Poi prese la strada fra le gambe e salì su di un’alta montagna, e quando ne ebbe raggiunto la cima ecco là seduto un gran gigante. “Ehilà, camerata!” disse il piccolo sarto al gigante “te ne stai qui seduto a guardarti il mondo? Io pure mi sono incamminato per provare le mie forze. Hai voglia di venire con me?” Il gigante lo guardò e disse: “Tu, essere miserabile!”. “Proprio!” disse il piccolo sarto, si sbottonò la giacca e mostrò al gigante la cintura: “Qui puoi leggere che uomo sono”. Il gigante lesse. “Sette in un colpo!” pensò che si trattasse di uomini uccisi e incominciò ad avere un po’ di rispetto per il piccolo sarto. Ma prima volle metterlo alla prova: prese in mano una pietra e la strinse fino a farne gocciolare fuori dell’acqua. “Adesso fallo tu” disse il gigante “se ne hai la forza.” “Tutto qui?” disse il piccolo sarto. “Lo so fare anch’io.” Mise la mano in tasca, tirò fuori il formaggio guasto e lo spremette tanto che ne sgorgò il succo. “E’ ancor meglio, non è vero?” disse. Il gigante non sapeva che dire, e non poteva credere che quell’omino fosse capace di tanto.
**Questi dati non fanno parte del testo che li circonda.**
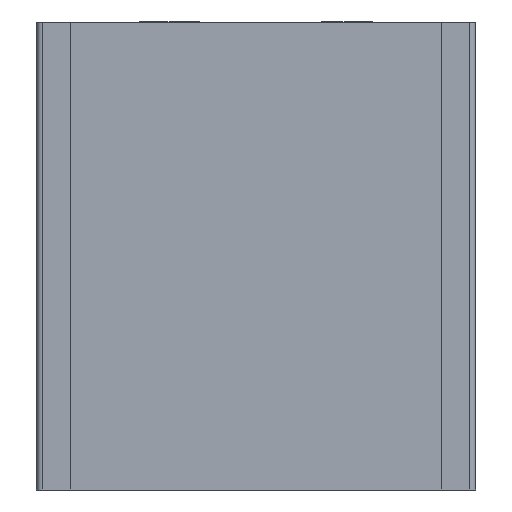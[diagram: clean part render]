
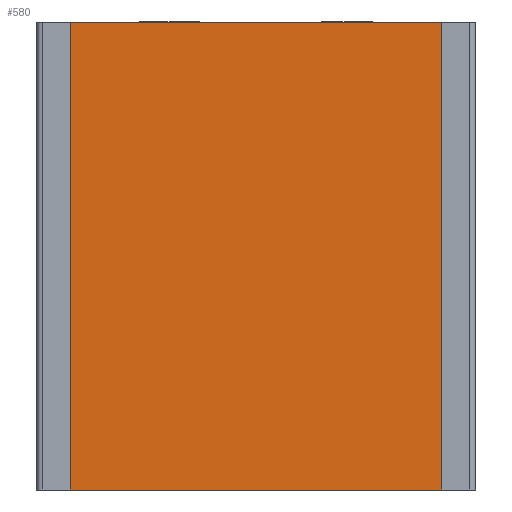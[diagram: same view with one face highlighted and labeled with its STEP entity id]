
A CAD part, front view. The second image highlights one B-rep face of the part: STEP entity #580.
In plain terms, the highlighted planar face has unit normal (0, -1, 0).
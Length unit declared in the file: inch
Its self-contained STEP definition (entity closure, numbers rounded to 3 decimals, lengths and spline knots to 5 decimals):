
#32=PLANE('',#636);
#50=FACE_OUTER_BOUND('',#80,.T.);
#80=EDGE_LOOP('',(#402,#403,#404,#405));
#118=LINE('',#867,#173);
#119=LINE('',#869,#174);
#120=LINE('',#871,#175);
#121=LINE('',#872,#176);
#173=VECTOR('',#704,0.3937);
#174=VECTOR('',#705,0.3937);
#175=VECTOR('',#706,0.3937);
#176=VECTOR('',#707,0.3937);
#254=VERTEX_POINT('',#865);
#255=VERTEX_POINT('',#866);
#256=VERTEX_POINT('',#868);
#257=VERTEX_POINT('',#870);
#314=EDGE_CURVE('',#254,#255,#118,.T.);
#315=EDGE_CURVE('',#256,#254,#119,.T.);
#316=EDGE_CURVE('',#257,#256,#120,.T.);
#317=EDGE_CURVE('',#255,#257,#121,.T.);
#402=ORIENTED_EDGE('',*,*,#314,.F.);
#403=ORIENTED_EDGE('',*,*,#315,.F.);
#404=ORIENTED_EDGE('',*,*,#316,.F.);
#405=ORIENTED_EDGE('',*,*,#317,.F.);
#580=ADVANCED_FACE('',(#50),#32,.F.);
#636=AXIS2_PLACEMENT_3D('',#864,#702,#703);
#702=DIRECTION('center_axis',(0.,1.,0.));
#703=DIRECTION('ref_axis',(0.,0.,1.));
#704=DIRECTION('',(-1.,0.,0.));
#705=DIRECTION('',(0.,0.,-1.));
#706=DIRECTION('',(1.,0.,0.));
#707=DIRECTION('',(0.,0.,1.));
#864=CARTESIAN_POINT('Origin',(-0.314,-0.44022,-0.74852));
#865=CARTESIAN_POINT('',(0.314,-0.44022,-0.431));
#866=CARTESIAN_POINT('',(-0.314,-0.44022,-0.431));
#867=CARTESIAN_POINT('',(0.09761,-0.44022,-0.431));
#868=CARTESIAN_POINT('',(0.314,-0.44022,0.361));
#869=CARTESIAN_POINT('',(0.314,-0.44022,-2.46337));
#870=CARTESIAN_POINT('',(-0.314,-0.44022,0.361));
#871=CARTESIAN_POINT('',(0.0335,-0.44022,0.361));
#872=CARTESIAN_POINT('',(-0.314,-0.44022,-2.46337));

Raccolse allora una pietra e la gettò così in alto che si stentava a vederla. “Adesso, anatroccolo, fallo anche tu” disse al piccolo sarto. “Subito” rispose questi. “Il tuo tiro era buono, ma la pietra ha pure dovuto ricadere a terra; adesso te ne lancerò io una, che non tornerà.” Mise la mano in tasca, prese l’uccello e lo lanciò in aria. L’uccello, felice di essere libero, salì e volò via. “Ti piace il tiro, camerata?” domandò il sarto.